Por isso, dizer que o Partido Social-democrata "não tem uma estratégia" parece-me uma tautologia comparável a afirmar que um antílope não tem garras, ou que uma biciclete não tem cinto de segurança. Então não se percebeu já, ao cabo de mais de trinta e cinco anos de existência, que o P. S. D. nunca teve nem poderia alguma vez ter uma "estratégia"? Não é uma evidência trivial que, para se poder possuir (ou fazer sentido ter) uma estratégia, crucial se torna ser préviamente dotado de um objectivo a atingir? Qual o objectivo do P. S. D., actual e de sempre?


A Social-democracia não é certamente, pois não só já não o era no dia da fundação do Partido, como nunca este se dignou arrepiar caminho e implantá-la na sua linha programática. Estou convencido, muito pelo contrário, de que o P. S. D. é um Partido sem qualquer base ideológica, que apenas reage por impulsos programáticos e conjunturais. Explicação plausível: o P. S. D. não tem ideologia, nem Programa, nem estratégia, pois o que o define, acima de tudo, são apenas interesses particulares! Ou seja, apenas pode ser guiado por tácticas.

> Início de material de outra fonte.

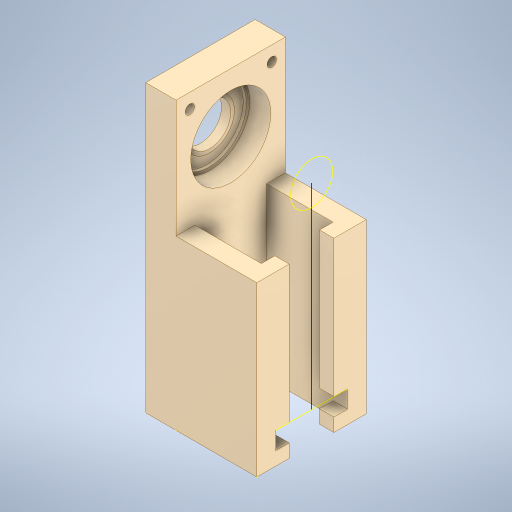
# Autodesk Inventor part: base
Saved by Autodesk Inventor 2023 (Build 270158000, 158)
## iProperties
Created: 2024-07-31
Part Number: base
Material: Generic
Document SubType Name: Modeling
Designer: sebas
Density: 1 g/cm^3
Appearance: Smooth - Off-White
Author: sebas
Autodesk Inventor part; units mm, degrees
ref_plane "YZ Plane" through (0, 0, 0) normal (1, 0, 0) x (0, 1, 0)
ref_plane "XZ Plane" through (0, 0, 0) normal (0, 1, 0) x (-1, 0, 0)
ref_plane "XY Plane" through (0, 0, 0) normal (0, 0, 1) x (1, 0, 0)
sketch "Sketch3" plane through (0, 0, 0) normal (0, 1, 0) x (-1, 0, 0)
  line L0 (0, 0) -> (0, -65)
  line L1 (0, -65) -> (25, -65)
  line L2 (25, -65) -> (25, 0)
  line L3 (25, 0) -> (0, 0)
  dimension "d8" = 65
  dimension "d9" = 25
  dimension "d10" = 65
  constraints: 8 end point, 2 perpendicular, 1 vertical
  measures "d8" distance of L0.start L0.end
  measures "d9" distance of L0.end L1.end
  measures "d10" distance of L1.end L2.end
extrude "Extrusion2" add sketch "Sketch3" along normal blind 170
sketch "Sketch4" plane through (0, 0, 0) normal (1, 0, 0) x (0, 0, -1)
  line L0 (65, 170) -> (0, 170) projected
  line L1 (0, 170) -> (32.5, 170)
  line L2 (65, 0) -> (65, 170) projected
  line L3 (32.5, 170) -> (32.5, 135)
  circle A0 centre (32.5, 135) radius 23.75
  point P0 (0, 0)
  dimension "d13" = 32.5
  dimension "d15" = 35
  dimension "d16" = 47.5
  constraints: 4 end point, 1 centre point, 1 coincident, 1 midpoint, 1 perpendicular
  measures "d13" distance of L0.end L1.end
  measures "d15" distance of L1.end L3.end
  measures "d16" diameter of A0
extrude "Extrusion3" cut sketch "Sketch4" against normal blind 12.5
sketch "Sketch6" plane through (0, 0, 0) normal (1, 0, 0) x (0, 0, -1)
  line L0 (65, 0) -> (0, 0) projected
  line L1 (0, 0) -> (32.5, 0)
  line L2 (32.5, 0) -> (11.2, 0)
  line L3 (11.2, 0) -> (53.8, 0)
  line L4 (53.8, 0) -> (53.8, 100)
  line L5 (53.8, 100) -> (65, 100)
  line L6 (65, 0) -> (65, 170) projected
  line L7 (65, 0) -> (53.8, 0)
  line L8 (11.2, 0) -> (0, 0)
  line L9 (0, 0) -> (0, 170) projected
  line L10 (0, 100) -> (11.2, 100)
  line L11 (11.2, 100) -> (11.2, 0)
  dimension "d23" = 21.3
  dimension "d24" = 42.6
  dimension "d25" = 100
  constraints: 18 end point, 6 point on line, 3 perpendicular, 1 collinear, 1 midpoint, 1 parallel
  measures "d23" distance of L1.end L2.end
  measures "d24" distance of L2.end L3.end
  measures "d25" distance of L3.end L4.end
extrude "Extrusion4" add sketch "Sketch6" along normal blind 39.5
sketch "Sketch7" plane through (39.5, 0, 0) normal (1, 0, 0) x (0, 0, -1)
  line L0 (65, 0) -> (0, 0) projected
  line L1 (53.8, 0) -> (53.8, 100) projected
  line L2 (65, 0) -> (53.8, 0)
  line L3 (53.8, 0) -> (45.8, 0)
  line L4 (45.8, 0) -> (45.8, 100)
  line L5 (53.8, 100) -> (65, 100) projected
  line L6 (45.8, 100) -> (65, 100)
  line L7 (65, 0) -> (65, 170) projected
  line L8 (65, 100) -> (65, 0)
  line L9 (11.2, 100) -> (11.2, 0) projected
  line L10 (11.2, 0) -> (19.2, 0)
  line L11 (19.2, 0) -> (19.2, 100)
  line L12 (0, 100) -> (11.2, 100) projected
  line L13 (19.2, 100) -> (0, 100)
  line L14 (0, 100) -> (0, 0)
  dimension "d28" = 8
  dimension "d29" = 8
  constraints: 18 end point, 5 perpendicular, 4 point on line, 1 collinear, 1 horizontal
  measures "d28" distance of L1.start L3.end
  measures "d29" distance of L9.end L10.end
extrude "Extrusion5" add sketch "Sketch7" along normal blind 8.5
sketch "Sketch8" plane through (48, 0, 0) normal (1, 0, 0) x (0, 0, -1)
  circle A0 centre (32.5, 135) radius 23.75 projected
  circle A1 centre (32.5, 135) radius 76.5
  line L0 (65, 0) -> (0, 0) projected
  line L1 (32.5, 0) -> (32.5, 58.5)
  line L2 (32.5, 58.5) -> (32.5, 57.9046)
  line L3 (32.5, 58.5) -> (32.5, 40.5)
  circle A2 centre (32.5, 49.5) radius 9
  line L4 (32.5, 49.5) -> (32.5, 28.5)
  line L5 (32.5, 28.5) -> (53.5, 28.5)
  line L6 (53.8, 0) -> (53.8, 100) projected
  line L7 (53.5, 28.5) -> (53.5, 70.5)
  line L8 (53.5, 70.5) -> (11.5, 70.5)
  line L9 (11.2, 100) -> (11.2, 0) projected
  line L10 (11.5, 70.5) -> (11.5, 28.5)
  line L11 (11.5, 28.5) -> (32.5, 28.5)
  line L12 (32.5, 28.5) -> (32.5, 16.4931)
  line L13 (32.5, 28.5) -> (32.5, 18.5)
  line L14 (32.5, 18.5) -> (55.5, 18.5)
  line L15 (55.5, 18.5) -> (55.5, 8)
  line L16 (55.5, 8) -> (9.5, 8)
  line L17 (9.5, 8) -> (9.5, 18.5)
  line L18 (9.5, 18.5) -> (32.5, 18.5)
  point P0 (11.2, 18.5)
  point P1 (11.2, 8)
  point P2 (53.8, 8)
  point P3 (53.8, 18.5)
  dimension "d32" = 153
  dimension "d33" = 18
  dimension "d34" = 21
  dimension "d38" = 42
  dimension "d39" = 42
  dimension "d42" = 42
  dimension "d43" = 10
  dimension "d44" = 23
  dimension "d45" = 10.5
  dimension "d46" = 46
  dimension "d47" = 10.5
  constraints: 32 end point, 6 point on line, 4 perpendicular, 2 midpoint, 2 parallel, 2 vertical alignment, 1 coincident, 1 horizontal, 1 vertical, 4 other
  measures "d33" distance of L1.end L3.end
  measures "d34" distance of L4.start L4.end
  measures "d38" distance of L5.end L7.end
  measures "d39" distance of L7.end L8.end
  measures "d42" distance of L8.end L10.end
  measures "d43" distance of L4.end L13.end
  measures "d44" distance of L13.end L14.end
  measures "d45" distance of L14.end L15.end
  measures "d46" distance of L15.end L16.end
  measures "d47" distance of L16.end L17.end
extrude "Extrusion6" cut sketch "Sketch8" against normal through all contours L18 L1 L16 L9 | L6 L16 L1 L14
sketch "Sketch9" plane through (-12.5, 135, -32.5) normal (1, 0, 0) x (0, 0, -1)
  circle A0 centre (0, 0) radius 12.5
  point P0 (-32.5, -135)
  dimension "d50" = 25
  constraints: 1 centre point
  measures "d50" diameter of A0
extrude "Extrusion7" cut sketch "Sketch9" against normal through all
sketch "Sketch10" plane through (-25, 0, -65) normal (-1, 0, 0) x (0, 0, 1)
  line L0 (65, 0) -> (45.8, 0) projected
  line L1 (65, 0) -> (0, 0)
  line L2 (0, 0) -> (0, 170)
  line L3 (0, 170) -> (65, 170)
  line L4 (65, 170) -> (65, 0)
  constraints: 8 end point, 2 parallel, 1 horizontal, 1 perpendicular
extrude "Extrusion8" cut sketch "Sketch10" against normal blind 7
sketch "Sketch11" plane through (48, 0, 0) normal (1, 0, 0) x (0, 0, -1)
  circle A0 centre (32.5, 135) radius 12.5 projected
  line L0 (32.5, 135) -> (32.5, 18.5)
  line L1 (11.2, 18.5) -> (53.8, 18.5) projected
  point P0 (0, 0)
  constraints: 2 end point, 1 midpoint
sketch "Sketch12" plane through (-12.5, 135, -32.5) normal (1, 0, 0) x (0, 0, -1)
  circle A0 centre (0, 0) radius 12.5 projected
  circle A1 centre (0, 0) radius 14.65
  circle A2 centre (0, 0) radius 21.85
  point P0 (-32.5, -135)
  dimension "d55" = 29.3
  dimension "d56" = 43.7
  constraints: 2 centre point, 2 coincident
  measures "d55" diameter of A1
  measures "d56" diameter of A2
extrude "Extrusion9" cut sketch "Sketch12" against normal blind 2 contours A2
sketch "Sketch13" plane through (0, 170, 0) normal (1, 0, 0) x (0, 0, -1)
  line L0 (65, -170) -> (65, 0) projected
  circle A0 centre (32.5, -35) radius 21.85 projected
  line L1 (0, 0) -> (0, -170) projected
  circle A1 centre (32.5, -35) radius 14.65 projected
  circle A2 centre (32.5, -35) radius 23.75
  line L2 (65, 0) -> (48.6607, -17.5962)
  line L3 (16.3393, -17.5962) -> (0, 0)
  circle A3 centre (56.8304, -8.7981) radius 2.75
  circle A4 centre (8.1696, -8.7981) radius 2.75
  dimension "d59" = 5.5
  dimension "d60" = 5.5
  constraints: 4 end point, 3 centre point, 2 midpoint, 2 point on circle, 1 coincident
  measures "d59" diameter of A3
  measures "d60" diameter of A4
extrude "Extrusion10" cut sketch "Sketch13" against normal through all contours A4 L3 | L3 A4 | A3 L2 | L2 A3
sketch "Sketch14" plane through (0, 0, -11.2) normal (1, 0, 0) x (0, 0, -1)
  line L0 (0, 0) -> (42.6, 0) projected
  point P0 (-11.2, 0)
sketch "Sketch15" plane through (0, 0, -11.2) normal (1, 0, 0) x (0, 0, -1)
  line L0 (0, 0) -> (0, 8) projected
  line L1 (0, 0) -> (0, -8)
  line L2 (0, -8) -> (42.6, -8)
  line L3 (34.6, 0) -> (42.6, 0) projected
  line L4 (42.6, -8) -> (42.6, 0)
  line L5 (42.6, 0) -> (0, 0)
  point P0 (-11.2, 0)
  dimension "d63" = 8
  constraints: 8 end point, 3 perpendicular, 1 vertical
  measures "d63" distance of L0.start L1.end
extrude "Extrusion11" add sketch "Sketch15" against normal blind 18
sketch "Sketch16" plane through (0, 8, -11.2) normal (1, 0, 0) x (0, 0, -1)
  line L0 (0, -8) -> (8, -8) projected
  line L1 (8, -8) -> (12, -8)
  line L2 (42.6, -16) -> (0, -16) projected
  line L3 (34.6, 0) -> (34.6, -8) projected
  line L4 (12, -8) -> (34.6, -8)
  line L5 (34.6, -8) -> (29.6, -8)
  circle A0 centre (29.6, -8) radius 2.75
  circle A1 centre (12, -8) radius 2.75
  point P0 (-11.2, -8)
  dimension "d66" = 4
  dimension "d67" = 5
  dimension "d68" = 5.5
  dimension "d69" = 5.5
  constraints: 6 end point, 2 centre point, 2 coincident, 1 collinear, 1 parallel, 1 point on line
  measures "d66" distance of L0.end L1.end
  measures "d67" distance of L3.end L5.end
  measures "d68" diameter of A0
  measures "d69" diameter of A1
extrude "Extrusion12" cut sketch "Sketch16" against normal through all
sketch "Sketch17" plane through (0, 170, 0) normal (1, 0, 0) x (0, 0, -1)
  point P0 (0, -170)
sketch "Sketch18" plane through (-18, 0, -65) normal (-1, 0, 0) x (0, 0, 1)
  point P0 (65, 0)
sketch "Sketch19" plane through (-18, 0, -65) normal (-1, 0, 0) x (0, 0, 1)
  point P0 (65, 0)
body "Solid2"

Em consequência, a única coisa que "une" o P. S. D. é a eventual convergência táctica dos interesses particulares que constituem a única razão para a sua existência, daí que seja tão difícil manter uma linha política coerente neste Partido e haver permanentemente a sensação de que, sempre que muda de dirigentes máximos, quase se altera por inteiro o seu ideário político (e não será certamente por acaso o próprio atrito recorrente entre os três nomes que os seus diferentes líderes já lhe deram: P. P. D., P. S. D. e P. P. D./P. S. D.!).



Mas, então e isso de defender interesses particulares, tem algum mal? Ou será assim uma originalidade específica do P. S. D.? Claro que não, todos os Partidos defendem também interesses particulares - sejam eles de "classe", de "grupo", de "clã", ou de "seita"... -, mas todos possuem algo mais do que isso, seja uma Ideologia, seja uma qualquer espécie de obediência (como por exemplo de índole religiosa), que lhes fornece como que um cimento espiritual, ou intelectual, por natureza moralmente superior aos meros interesses materiais!



E não é só a falta deste cimento que se faz sentir no P. S. D. ou, de um modo geral, quando se unem pessoas apenas pelos seus interesses particulares. O maior drama surge sempre que os interesses particulares de uns colidem com os de outros, ou seja, não havendo laços identitários fortes entre os membros (sobretudo entre os dirigentes) do Partido, se os vários interesses colidem, não há "rede" ou anteparo que sustenha as desavenças internas!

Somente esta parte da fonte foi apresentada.